*Work required*
Begin at the first line of the data and copy each line through the one containing "doc.units = ezdxf.units.MM", that line included, with no pictures.

::: Records supplied :::

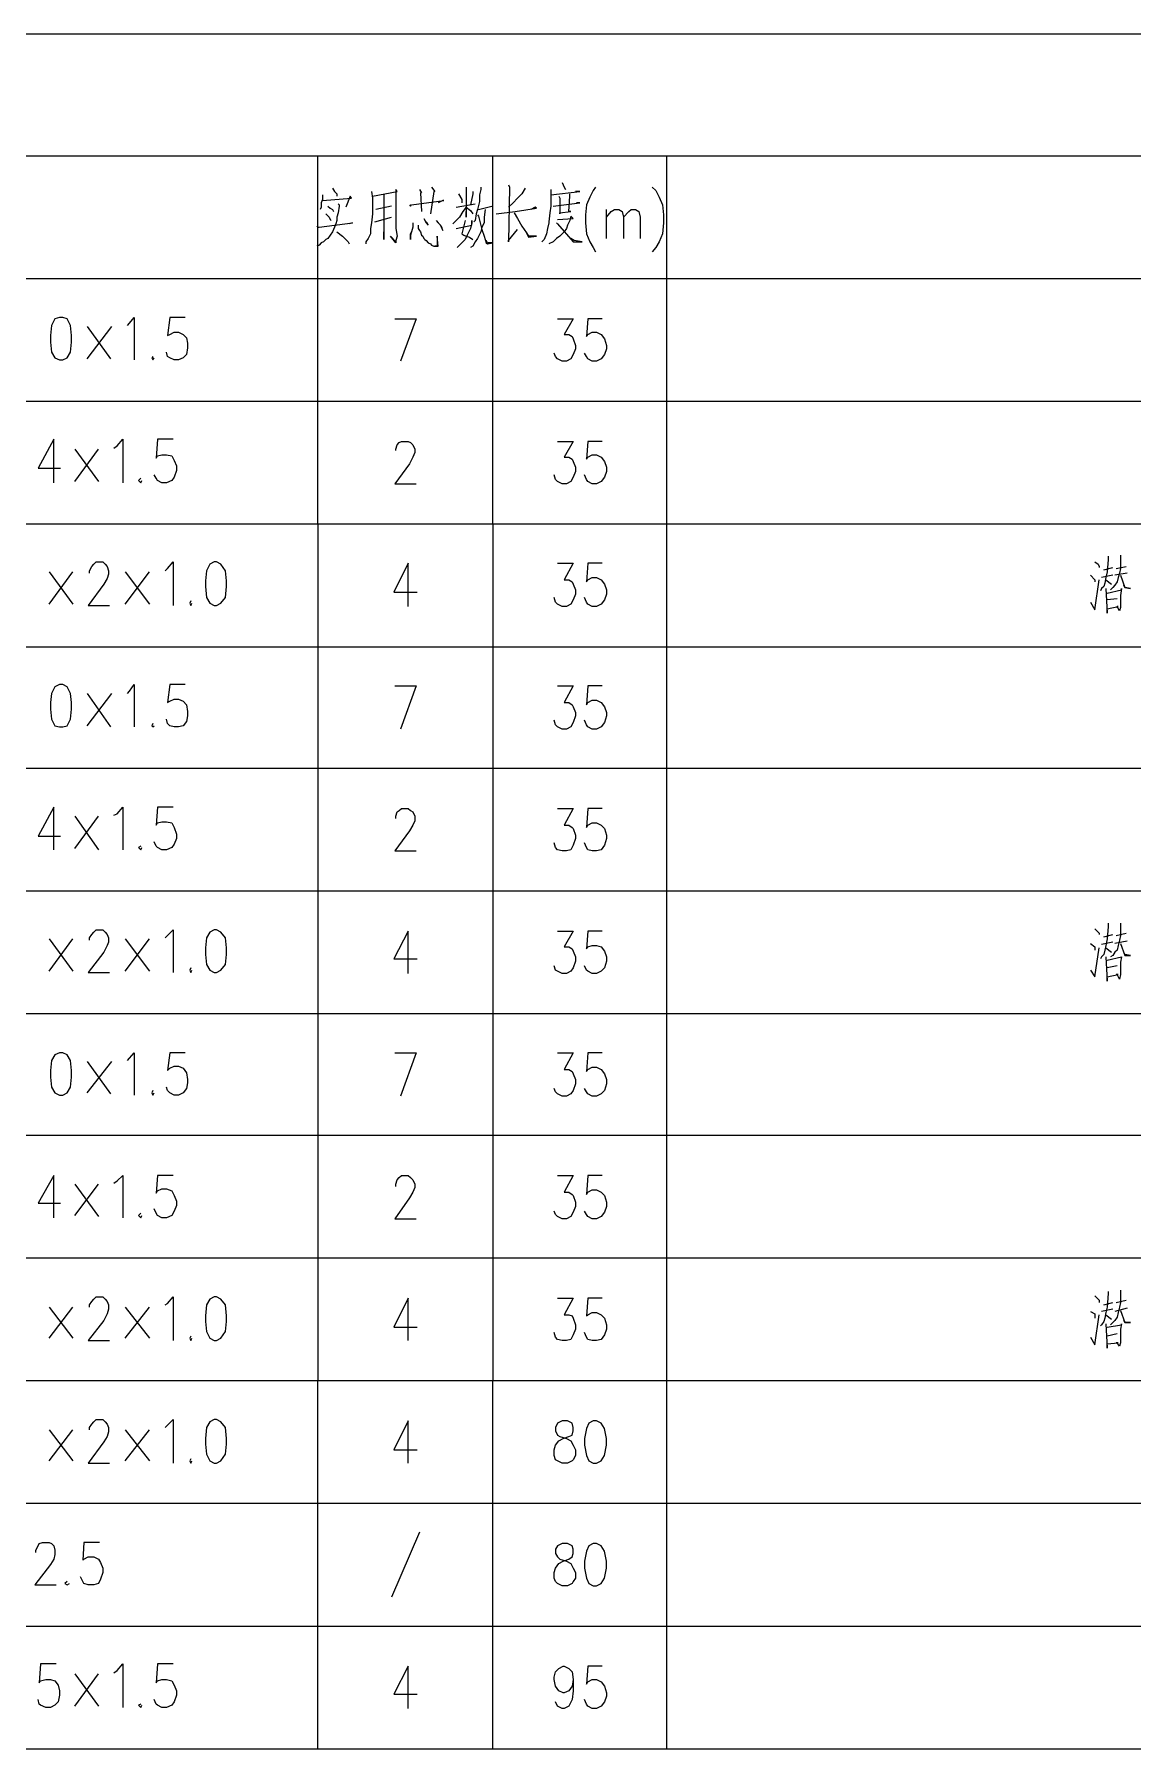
# Model space of a CAD drawing. Header units: millimetres. Extents: x 201 to 11482, y -7821 to 251.
# Drawn here: x 3416.7 to 3479.3, y -5564.6 to -5467 of the extents above; entities that cross this region are included whole.
import ezdxf

# ---------------------------------------------------------------- set-up
doc = ezdxf.new("R2010")
doc.units = ezdxf.units.MM

msp = doc.modelspace()

# ---------------------------------------------------------------- linework, layer by layer
at = {"color": 0, "lineweight": 18}
for points in [[(3542.416, -5473.913), (3542.416, -5466.991), (3233.615, -5466.991), (3233.615, -5473.913), (3542.416, -5473.913)], [(3383.031, -5480.898), (3432.878, -5480.898), (3432.878, -5473.913)], [(3432.878, -5480.898), (3442.848, -5480.898), (3442.848, -5473.913)], [(3442.848, -5480.898), (3452.754, -5480.898), (3452.754, -5473.913)], [(3452.754, -5480.898), (3542.416, -5480.898), (3542.416, -5473.913)], [(3433.132, -5476.135), (3433.132, -5476.389), (3433.069, -5476.58), (3433.069, -5476.707), (3433.069, -5476.834), (3433.005, -5476.961)], [(3433.132, -5476.453), (3434.783, -5476.326), (3434.72, -5476.199), (3434.466, -5476.834)], [(3433.704, -5475.754), (3433.831, -5475.945), (3433.958, -5476.072), (3433.958, -5476.199)], [(3435.926, -5475.945), (3435.99, -5476.326), (3435.99, -5476.643), (3435.99, -5477.215), (3435.926, -5477.723), (3435.863, -5478.04), (3435.863, -5478.358), (3435.736, -5478.612), (3435.609, -5478.802), (3435.609, -5478.929)], [(3435.99, -5476.199), (3437.387, -5475.945), (3437.323, -5475.818), (3437.323, -5476.262), (3437.323, -5477.405), (3437.323, -5477.977), (3437.323, -5478.04), (3437.387, -5478.485), (3437.323, -5478.739), (3437.323, -5478.866), (3437.006, -5478.485), (3437.323, -5478.802)], [(3436.625, -5476.135), (3436.625, -5478.294), (3436.625, -5478.675), (3436.625, -5478.485), (3436.625, -5478.231)], [(3438.657, -5475.818), (3438.784, -5476.008), (3438.72, -5476.008), (3438.784, -5477.088)], [(3439.355, -5475.691), (3439.546, -5475.945), (3439.482, -5475.945), (3439.292, -5477.215)], [(3440.879, -5476.072), (3441.07, -5476.389), (3441.07, -5476.58)], [(3441.324, -5475.691), (3441.324, -5475.945), (3441.324, -5477.405), (3441.324, -5477.215), (3441.324, -5477.088)], [(3441.705, -5475.945), (3441.705, -5476.072), (3441.578, -5476.707)], [(3442.149, -5475.691), (3442.149, -5475.818), (3442.086, -5476.135), (3442.086, -5476.516), (3441.959, -5476.961), (3441.895, -5477.215), (3441.832, -5477.596), (3441.768, -5477.659)], [(3443.737, -5475.564), (3443.8, -5475.691), (3443.737, -5478.802), (3443.737, -5478.739), (3444.245, -5478.104)], [(3444.689, -5475.754), (3444.499, -5476.072), (3444.245, -5476.326), (3443.991, -5476.58), (3443.737, -5476.834)], [(3446.15, -5475.818), (3446.15, -5476.199), (3446.15, -5476.77), (3446.086, -5477.151), (3446.023, -5477.659), (3446.023, -5477.723), (3445.959, -5478.04), (3445.896, -5478.358), (3445.769, -5478.675), (3445.642, -5478.802)], [(3446.15, -5476.135), (3447.801, -5475.945), (3447.674, -5475.945), (3447.547, -5475.945)], [(3446.594, -5476.199), (3446.658, -5476.326), (3446.658, -5477.215), (3446.658, -5477.151), (3447.293, -5477.088), (3447.166, -5477.088), (3447.229, -5476.199), (3447.229, -5476.072)], [(3446.785, -5475.437), (3446.912, -5475.691), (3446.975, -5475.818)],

:::

*Written response*
# Model space of a CAD drawing. Header units: millimetres. Extents: x 201 to 11482, y -7821 to 251.
# Drawn here: x 3416.7 to 3479.3, y -5564.6 to -5467 of the extents above; entities that cross this region are included whole.
import ezdxf

# ---------------------------------------------------------------- set-up
doc = ezdxf.new("R2010")
doc.units = ezdxf.units.MM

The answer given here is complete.